Remember the recent Panorama programme where the two care workers roughly washed the resident? When they were doing this they busily maintained their own social relationship by talking in their own language while failing to talk to the individual they were supposed to be caring for? Maybe an extreme example but how many times do we hear of care home residents all sitting around in large lounges in silence? How many times do we hear of cases where care in a person’s home is restricted to 15 minutes or so giving the care worker little or no time to interact with the individual or complaints from care service users that they never know who is going to turn up to care for them?

Part of the problem is, perhaps, that some elements of social care are still to firmly rooted in the medical model of care. Clinical detachment in the health professions serves a purpose, it helps to insulate health professionals from the trauma of getting to attached to people likely to suffer great pain or die, it prevents the psychological transference of distress from those suffering to the professional who, for their own sanity, must remain outside the constant bombardment of anguish and agony not only from the patients but their traumatised families.

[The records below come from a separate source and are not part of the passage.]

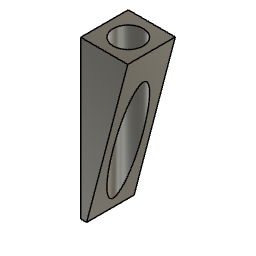
Cut+Jig (Autodesk Fusion 360 design; units mm, degrees)
Autodesk Fusion 360 part; units mm, degrees
sketch "Sketch1" plane through (0, 0, 0) normal (0, 1, 0) x (1, 0, 0)
  line L0 (0, -150) -> (0, 0)
  line L1 (0, 0) -> (37.9244, -145.1266)
  line L2 (0, 0) -> (0, 120)
  line L3 (0, 0) -> (-12.6415, 48.3755)
  dimension "d1" = 14.645
  dimension "d2" = 150
  dimension "d4" = 150
  dimension "d9" = 120
  dimension "d10" = 50
  constraint coincident L0.end L1.start
  constraint vertical L0
  constraint parallel L0 L2
  constraint parallel L1 L3
  measures "d1" angle of L0 L1
  measures "d2" distance of L0.start L0.end
  measures "d4" distance of L0.end L1.end
  measures "d9" distance of L0.end L2.end
  measures "d10" distance of L0.end L3.end
pipe "Pipe1" add diameter 58.42 wall 3.81 path "Sketch1" along L0 L2
ref_plane "WorkPlane1" through (18.9622, 0, 72.5633) normal (-0.967511, 0, 0.252829) x (0.252829, 0, 0.967511)
sketch "Sketch2" plane through (18.9622, 0, 72.5633) normal (-0.967511, 0, 0.252829) x (0.252829, 0, 0.967511)
  line L0 (271.963, -146.2875) -> (271.963, 151.3089)
  line L1 (271.963, 151.3089) -> (-728.037, 151.3089)
  line L2 (-728.037, 151.3089) -> (-728.037, -146.2875)
  line L3 (-728.037, -146.2875) -> (271.963, -146.2875)
  dimension "d18" = 1000
  constraint vertical L0
  constraint perpendicular L1 L2
  constraint perpendicular L0 L1
  constraint perpendicular L2 L3
  measures "d18" distance of L0.end L1.end
sketch "Sketch3" plane through (0, 0, 150) normal (0, 0, 1) x (-1, 0, 0)
  circle A0 centre (0, 0) radius 25.4
  circle A1 centre (0, 0) radius 29.21
  line L0 (40, -40) -> (-40, -40)
  line L1 (-40, -40) -> (-40, 40)
  line L2 (-40, 40) -> (40, 40)
  line L3 (40, 40) -> (40, -40)
  line L4 (40, -40) -> (-40, 40) construction
  line L5 (-40, -40) -> (40, 40) construction
  dimension "d19" = 80
  dimension "d20" = 80
  constraint horizontal L0
  constraint perpendicular L0 L1
  constraint parallel L0 L2
  constraint parallel L1 L3
  constraint coincident L4 A0.centre
  constraint coincident L5 A0.centre
  constraint coincident A0.centre A1.centre
  measures "d19" distance of L1.end L2.end
  measures "d20" distance of L0.end L1.end
extrude "Extrude2" add sketch "Sketch3" against normal blind 265 contours L0 L1 L2 L3
extrude "Extrude3" cut sketch "Sketch2" against normal blind 190

Yet can this clinical detachment work in social care? No, for many different reasons. Firstly the clue is in the name SOCIAL Care, social care is not the same as health care, that is the responsibility of the health professionals, social care is about supporting people in their everyday lives, helping them maintain connection with the wider world or, if that is not possible, ensuring that they are able to live as full and active life as possible in their individual circumstances.

We are, by nature, social creatures and while the degree that socialisation is needed by individuals vary, quality social contact still forms an important part of our lives. How can we know what level of social relationship individuals need unless we make the effort to establish a significant relationship to find out?

Personalisation is the social care buzzword at present and it is a goal that we should strive to achieve but how can we provide personalisation through clinical detachment? We need to build relationships with care users to understand their personal needs but more importantly to provide them with the type of social relationship that is cornerstone of being human.

Monday, 14 May 2012

Skills, Social Care & Society


Very soon the whole social care consultation merry-go-round will start once again with the emergence of the White Paper. When the Government  publish this  undoubtedly the focus, once more, will be on who pays for care services and how they do so, leaving out HOW MUCH such services really cost.

Part of the debate on social care is about providing quality services but there is little discussion how this is achieved and how the front line care workforce is trained to deliver that quality and why training is so important to achieving the best possible outcomes for those who rely on care services.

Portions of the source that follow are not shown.